Joint RD Optimization > Heuristic Rate Control: K-means VQ performs worse at the same bpp, showing that adjusting codebook size cannot fully eliminate redundancy in index distributions.
RD Optimization Reshapes Representations: As the bitrate decreases, encoder features prioritize smooth low-frequency structures and suppress high-frequency details; codebook usage concentrates on representative atoms.
Stable Test-time Bitrate Adjustment: RDVQ-Adj uses prefix transmission and autoregressive completion, maintaining a smooth RD curve across 0.02–0.32 bpp.

Highlights & Insights¶

Relaxing only the rate branch is an elegant solution: It bypasses the VQ non-differentiability problem without modifying the hard quantization needed for reconstruction and coding, resulting in zero train-test gap.
Triple-role entropy model: The same masked Transformer handles rate estimation, entropy coding, and prefix completion. Because the predictor is coupled with the RD-optimized index distribution, entropy calibration is inherently better.
Dependency-aware ordering: Explicitly encoding multi-scale structures into the order \(o\) and mask \(M\) is a valuable technique for any autoregressive token modeling that seeks to preserve spatial/scale causality.
Lightweight efficiency: With only 251.9M parameters and no reliance on diffusion/ViT pre-training, RDVQ outperforms foundation-model methods in DISTS/CLIPIQA, proving the value of explicit rate modeling.

Limitations & Future Work¶

Test-time bitrate adjustment is only smooth within a limited range (approx. 0.02–0.32 bpp).

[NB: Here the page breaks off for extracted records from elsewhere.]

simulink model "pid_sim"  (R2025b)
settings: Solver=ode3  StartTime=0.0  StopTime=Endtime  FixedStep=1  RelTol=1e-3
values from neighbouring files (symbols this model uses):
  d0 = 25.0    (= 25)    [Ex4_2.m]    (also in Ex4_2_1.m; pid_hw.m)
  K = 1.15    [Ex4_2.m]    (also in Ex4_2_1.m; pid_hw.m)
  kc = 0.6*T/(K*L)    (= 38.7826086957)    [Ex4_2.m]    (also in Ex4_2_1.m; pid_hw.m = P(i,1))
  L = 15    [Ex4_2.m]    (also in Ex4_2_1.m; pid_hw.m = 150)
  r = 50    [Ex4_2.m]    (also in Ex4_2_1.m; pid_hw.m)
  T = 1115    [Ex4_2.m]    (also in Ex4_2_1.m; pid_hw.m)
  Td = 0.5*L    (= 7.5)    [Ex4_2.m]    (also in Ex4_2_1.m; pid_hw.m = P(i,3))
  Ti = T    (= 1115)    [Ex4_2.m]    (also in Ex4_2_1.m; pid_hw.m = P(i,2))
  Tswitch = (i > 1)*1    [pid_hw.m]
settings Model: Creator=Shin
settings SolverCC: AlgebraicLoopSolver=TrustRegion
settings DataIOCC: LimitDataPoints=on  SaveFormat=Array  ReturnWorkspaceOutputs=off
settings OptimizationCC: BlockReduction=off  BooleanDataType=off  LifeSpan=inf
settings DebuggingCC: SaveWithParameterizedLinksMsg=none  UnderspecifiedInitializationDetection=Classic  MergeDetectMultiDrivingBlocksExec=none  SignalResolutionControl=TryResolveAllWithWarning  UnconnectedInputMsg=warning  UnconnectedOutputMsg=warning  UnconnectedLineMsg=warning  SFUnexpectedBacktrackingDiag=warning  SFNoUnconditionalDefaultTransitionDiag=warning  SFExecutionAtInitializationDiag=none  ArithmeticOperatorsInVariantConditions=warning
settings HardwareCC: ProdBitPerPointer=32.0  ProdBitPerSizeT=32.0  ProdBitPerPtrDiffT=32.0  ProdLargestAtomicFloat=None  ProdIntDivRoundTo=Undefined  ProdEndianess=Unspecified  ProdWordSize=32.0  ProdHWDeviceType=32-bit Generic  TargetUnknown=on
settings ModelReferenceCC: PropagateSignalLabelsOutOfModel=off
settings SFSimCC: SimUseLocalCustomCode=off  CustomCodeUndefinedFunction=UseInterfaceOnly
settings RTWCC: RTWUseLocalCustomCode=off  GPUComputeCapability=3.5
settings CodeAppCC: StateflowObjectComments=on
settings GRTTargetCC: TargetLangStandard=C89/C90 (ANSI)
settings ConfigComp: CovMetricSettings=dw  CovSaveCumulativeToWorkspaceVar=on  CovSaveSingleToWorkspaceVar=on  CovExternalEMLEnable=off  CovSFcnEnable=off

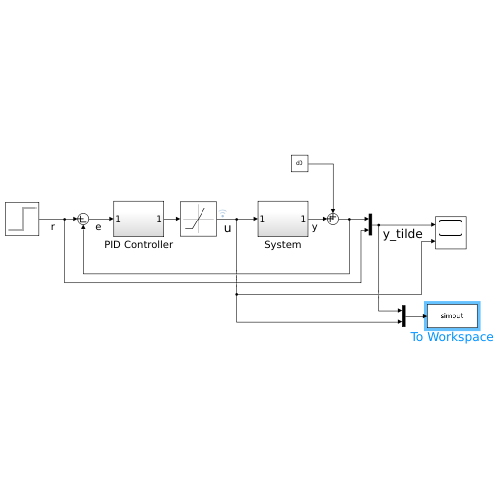
[thumbnail: Simulink's stored preview of the top-level diagram]
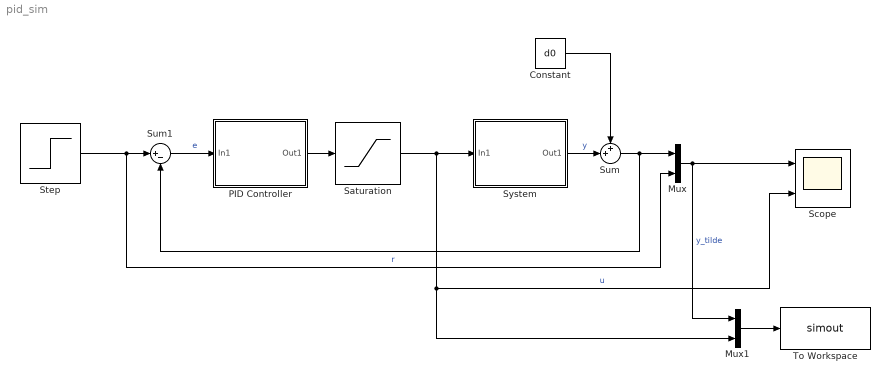
== system pid_sim ==
  Constant : Constant  Value=d0
  Mux : Mux  Inputs=2
  Mux1 : Mux  Inputs=2
  PID Controller : Subsystem
  Saturation : Saturate  UpperLimit=300  LowerLimit=0
  Scope : Scope  NumInputPorts=2
      settings: ActiveDisplayYMinimum=24.651923197379507  ActiveDisplayYMaximum=58.460292635310054  DataLoggingSaveFormat=Array
  Step : Step  After=r  SampleTime=0
  Sum : Sum  Inputs=++|
  Sum1 : Sum  Inputs=|+-
  System : Subsystem
  To Workspace : ToWorkspace  VariableName=simout  SaveFormat=Timeseries  SampleTime=-1
  wires:
  System/1(Out1) -> Sum/2  "y"
  Step/1 -> Mux/2, Sum1/1  "r"
  Constant/1 -> Sum/1
  Sum/1 -> Mux/1, Sum1/2
  PID Controller/1(Out1) -> Saturation/1
  Sum1/1 -> PID Controller/1(In1)  "e"
  Mux/1 -> Mux1/1, Scope/1  "y_tilde"
  Saturation/1 -> System/1(In1), Mux1/2, Scope/2  "u"
  Mux1/1 -> To Workspace/1

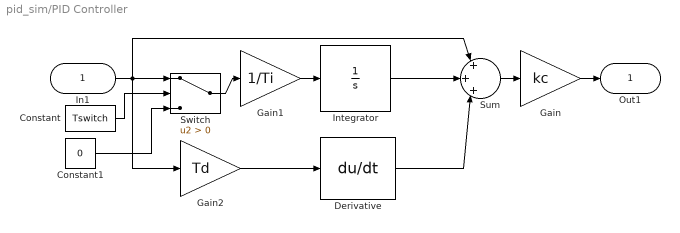
== system pid_sim/PID Controller ==
  In1 : Inport
  Constant : Constant  Value=Tswitch
  Constant1 : Constant  Value=0
  Derivative : Derivative
  Gain : Gain  Gain=kc
  Gain1 : Gain  Gain=1/Ti
  Gain2 : Gain  Gain=Td
  Integrator : Integrator
  Sum : Sum  Inputs=|+|+|+|
  Switch : Switch  Criteria=u2 > Threshold  SaturateOnIntegerOverflow=off  InputSameDT=off
  Out1 : Outport
  wires:
  In1/1 -> Switch/1, Sum/1, Gain2/1
  Sum/1 -> Gain/1
  Gain/1 -> Out1/1
  Gain1/1 -> Integrator/1
  Gain2/1 -> Derivative/1
  Integrator/1 -> Sum/2
  Derivative/1 -> Sum/3
  Switch/1 -> Gain1/1
  Constant/1 -> Switch/2
  Constant1/1 -> Switch/3

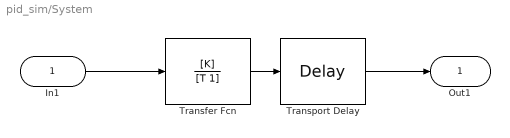
== system pid_sim/System ==
  In1 : Inport
  Transfer Fcn : TransferFcn  Numerator=[K]  Denominator=[T 1]
  Transport Delay : TransportDelay  DelayTime=L
  Out1 : Outport
  wires:
  Transport Delay/1 -> Out1/1
  Transfer Fcn/1 -> Transport Delay/1
  In1/1 -> Transfer Fcn/1
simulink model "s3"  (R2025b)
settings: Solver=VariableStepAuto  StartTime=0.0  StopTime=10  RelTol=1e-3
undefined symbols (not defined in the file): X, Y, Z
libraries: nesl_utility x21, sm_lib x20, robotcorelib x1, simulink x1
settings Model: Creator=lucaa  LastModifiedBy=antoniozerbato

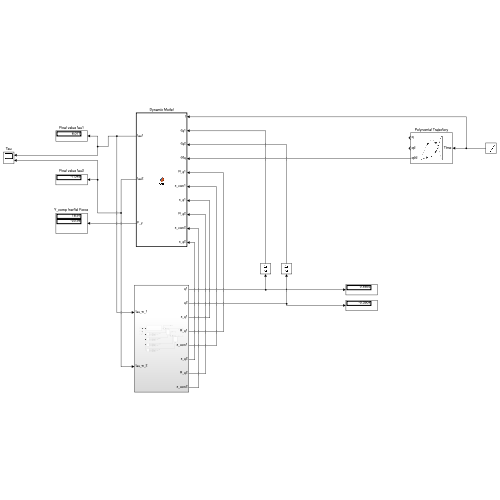
[thumbnail: Simulink's stored preview of the top-level diagram]
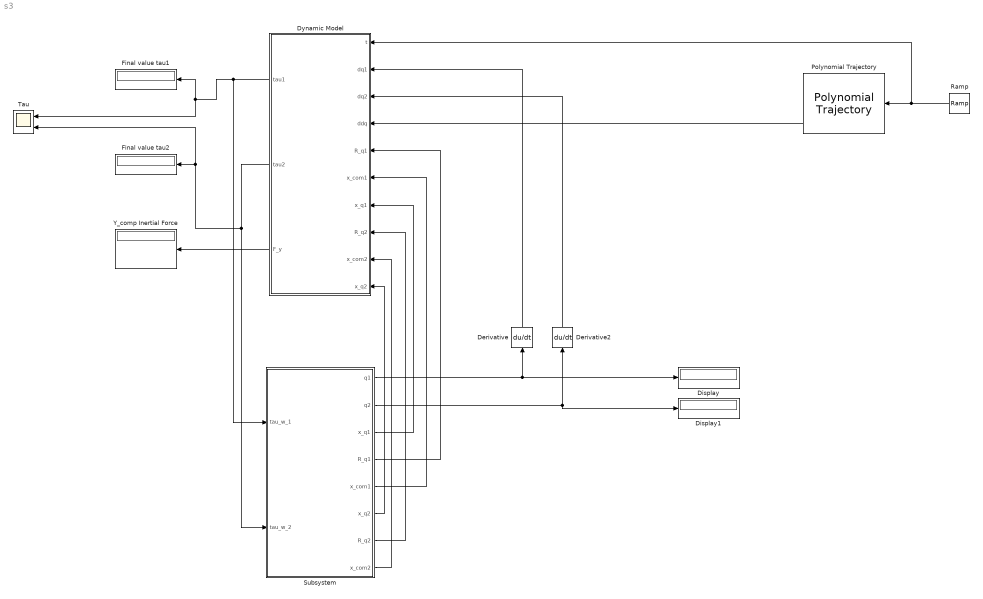
== system s3 ==
  Derivative : Derivative
  Derivative2 : Derivative
  Display : Display
  Display1 : Display
  Dynamic Model : MATLAB Function  TreatAsAtomicUnit=on
  Final value tau1 : Display
  Final value tau2 : Display
  Polynomial Trajectory : robotcorelib/Polynomial Trajectory  WaypointSource=Internal  Waypoints=[pi/36,pi*(4/18);-pi*(3/36),-pi/9]  TimePoints=[0,10]  TimeInterval=[ 1, 4 ]  Method=Cubic Polynomial  ParameterSource=Internal  VelocityBoundaryCondition=zeros( 2,2 )  AccelerationBoundaryCondition=zeros( 2, 5 )  SimulateUsing=Interpreted execution
  Ramp : simulink/Sources/Ramp  slope=1  start=0  InitialOutput=0
  Subsystem : Subsystem
  Tau : Scope  NumInputPorts=2
      settings: ActiveDisplayYMinimum=-0.050415777209954854  ActiveDisplayYMaximum=0.012289469598716157
  "Y_comp Inertial Force " : Display
  wires:
  Dynamic Model/1(tau1) -> Subsystem/1(tau_w_1), Final value tau1/1, Tau/1
  Dynamic Model/2(tau2) -> Subsystem/2(tau_w_2), Final value tau2/1, Tau/2
  Polynomial Trajectory/3 -> Dynamic Model/4(ddq)
  Ramp/1 -> Polynomial Trajectory/1, Dynamic Model/1(t)
  Dynamic Model/3(F_y) -> "Y_comp Inertial Force "/1
  Derivative/1 -> Dynamic Model/2(dq1)
  Derivative2/1 -> Dynamic Model/3(dq2)
  Subsystem/6(x_q2) -> Dynamic Model/10(x_q2)
  Subsystem/8(x_com2) -> Dynamic Model/9(x_com2)
  Subsystem/7(R_q2) -> Dynamic Model/8(R_q2)
  Subsystem/3(x_q1) -> Dynamic Model/7(x_q1)
  Subsystem/1(q1) -> Derivative/1, Display/1
  Subsystem/2(q2) -> Derivative2/1, Display1/1
  Subsystem/5(x_com1) -> Dynamic Model/6(x_com1)
  Subsystem/4(R_q1) -> Dynamic Model/5(R_q1)

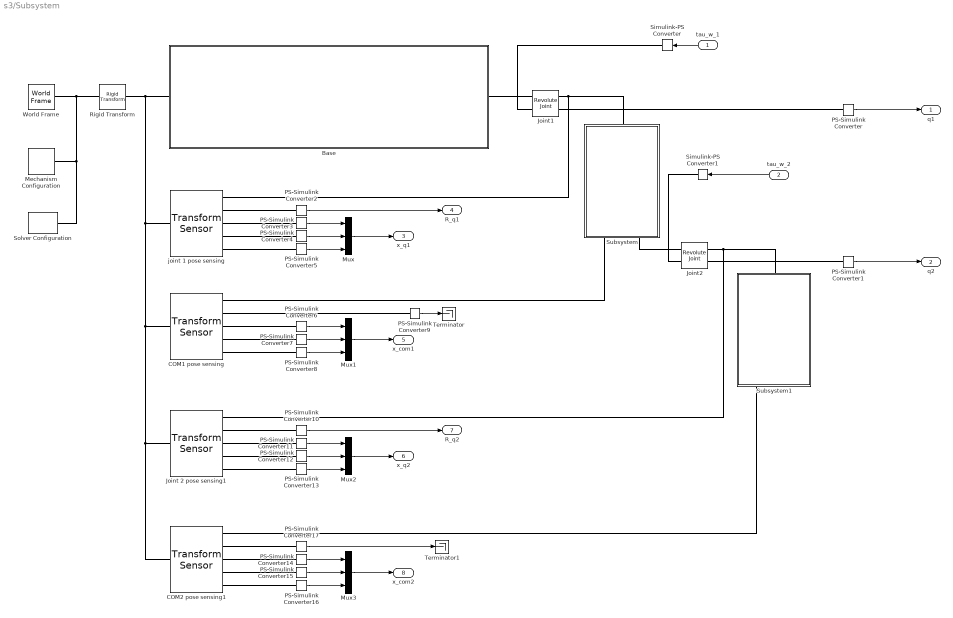
== system s3/Subsystem ==
  tau_w_1 : Inport
  tau_w_2 : Inport  Port=2
  " Joint1" : sm_lib/Joints/Revolute Joint  JointMode=Normal  CompositeWrenchDir=FollowerOnBase  CompositeWrenchFrame=BaseFrame  SenseConstraintForce=off  SenseConstraintTorque=off  SenseTotalForce=off  SenseTotalTorque=off  PositionTargetSpecify=on  PositionTargetPriority=High  PositionTargetValue=5  PositionTargetValueUnits=deg  VelocityTargetSpecify=off  VelocityTargetPriority=High  VelocityTargetValue=0  VelocityTargetValueUnits=deg/s  EquilibriumPosition=0  EquilibriumPositionUnits=deg  SpringStiffness=0  SpringStiffnessUnits=N*m/deg  DampingCoefficient=0  DampingCoefficientUnits=N*m/(deg/s)  LowerLimitSpecify=off  LowerLimitBound=-90  LowerLimitBoundUnits=deg  LowerLimitStiffness=1e4  LowerLimitStiffnessUnits=N*m/deg  LowerLimitDamping=10  LowerLimitDampingUnits=N*m/(deg/s)  LowerLimitTransitionRegionWidth=0.1  LowerLimitTransitionRegionWidthUnits=deg  UpperLimitSpecify=off  UpperLimitBound=90  UpperLimitBoundUnits=deg  UpperLimitStiffness=1e4  UpperLimitStiffnessUnits=N*m/deg  UpperLimitDamping=10  UpperLimitDampingUnits=N*m/(deg/s)  UpperLimitTransitionRegionWidth=0.1  UpperLimitTransitionRegionWidthUnits=deg  TorqueActuationMode=InputTorque  MotionActuationMode=ComputedMotion  SensePosition=on  SenseVelocity=off  SenseAcceleration=off  SenseTorqueForce=off  SenseLowerLimitTorqueForce=off  SenseUpperLimitTorqueForce=off
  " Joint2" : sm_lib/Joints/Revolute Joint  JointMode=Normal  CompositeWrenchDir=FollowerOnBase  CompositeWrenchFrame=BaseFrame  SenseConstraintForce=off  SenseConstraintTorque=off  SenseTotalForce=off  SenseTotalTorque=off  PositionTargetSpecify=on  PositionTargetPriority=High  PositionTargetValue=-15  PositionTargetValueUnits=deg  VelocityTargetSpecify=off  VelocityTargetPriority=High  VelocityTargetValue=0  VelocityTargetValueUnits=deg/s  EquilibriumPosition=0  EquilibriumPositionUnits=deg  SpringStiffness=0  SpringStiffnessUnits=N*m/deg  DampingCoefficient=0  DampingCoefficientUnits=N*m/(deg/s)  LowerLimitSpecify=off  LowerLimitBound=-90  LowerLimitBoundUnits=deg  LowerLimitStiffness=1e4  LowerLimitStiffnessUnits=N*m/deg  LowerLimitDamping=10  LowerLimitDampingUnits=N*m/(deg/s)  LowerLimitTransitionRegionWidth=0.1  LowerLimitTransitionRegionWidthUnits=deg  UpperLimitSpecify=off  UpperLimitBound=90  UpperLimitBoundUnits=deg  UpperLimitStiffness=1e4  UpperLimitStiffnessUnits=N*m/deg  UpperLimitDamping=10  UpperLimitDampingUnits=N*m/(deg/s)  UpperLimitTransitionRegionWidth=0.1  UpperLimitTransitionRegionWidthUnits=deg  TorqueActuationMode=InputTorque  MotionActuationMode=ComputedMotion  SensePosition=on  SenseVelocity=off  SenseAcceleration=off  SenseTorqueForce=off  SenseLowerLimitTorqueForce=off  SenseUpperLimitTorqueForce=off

Rates outside this range may require retraining.
Soft relaxation is used only for training; the sensitivity of the temperature parameter \(\tau\) and its approximation error relative to hard quantization require further exploration (detailed in the supplement).
The evaluation focuses on perceptual quality for natural images; performance on distortion-oriented metrics (PSNR) and non-natural images (documents, UI) is less discussed.
Future work could apply this framework to transform existing VQ image tokenizers into efficient compression models by adding entropy-aware learning.

vs SQ methods (MS-ILLM / StableCodec): SQ is differentiable but lacks structural modeling. RDVQ retains VQ's structural encoding while gaining SQ's differentiable rate optimization.
vs Hybrid SQ-VQ (DLF / RDEIC): These use parallel SQ branches for rate modeling. RDVQ achieves this within the VQ framework itself, making it more lightweight.
vs Heuristic VQ Rate Control (K-means VQ / UIGC): Heuristics do not allow the rate objective to differentiably shape the encoder. RDVQ makes the prior learnable and entropy-aware, leading to superior quality at identical bitrates.

Rating¶

Novelty: ⭐⭐⭐⭐⭐ Cleanly solves VQ non-differentiability by relaxing only the rate estimation branch.
Experimental Thoroughness: ⭐⭐⭐⭐ Strong results across multiple datasets, though PSNR-oriented metrics are omitted.
Writing Quality: ⭐⭐⭐⭐⭐ Clear explanations of the gradient path and path decoupling.
Value: ⭐⭐⭐⭐⭐ Outperforms foundation models with a lightweight, from-scratch design; bridges tokenization and compression.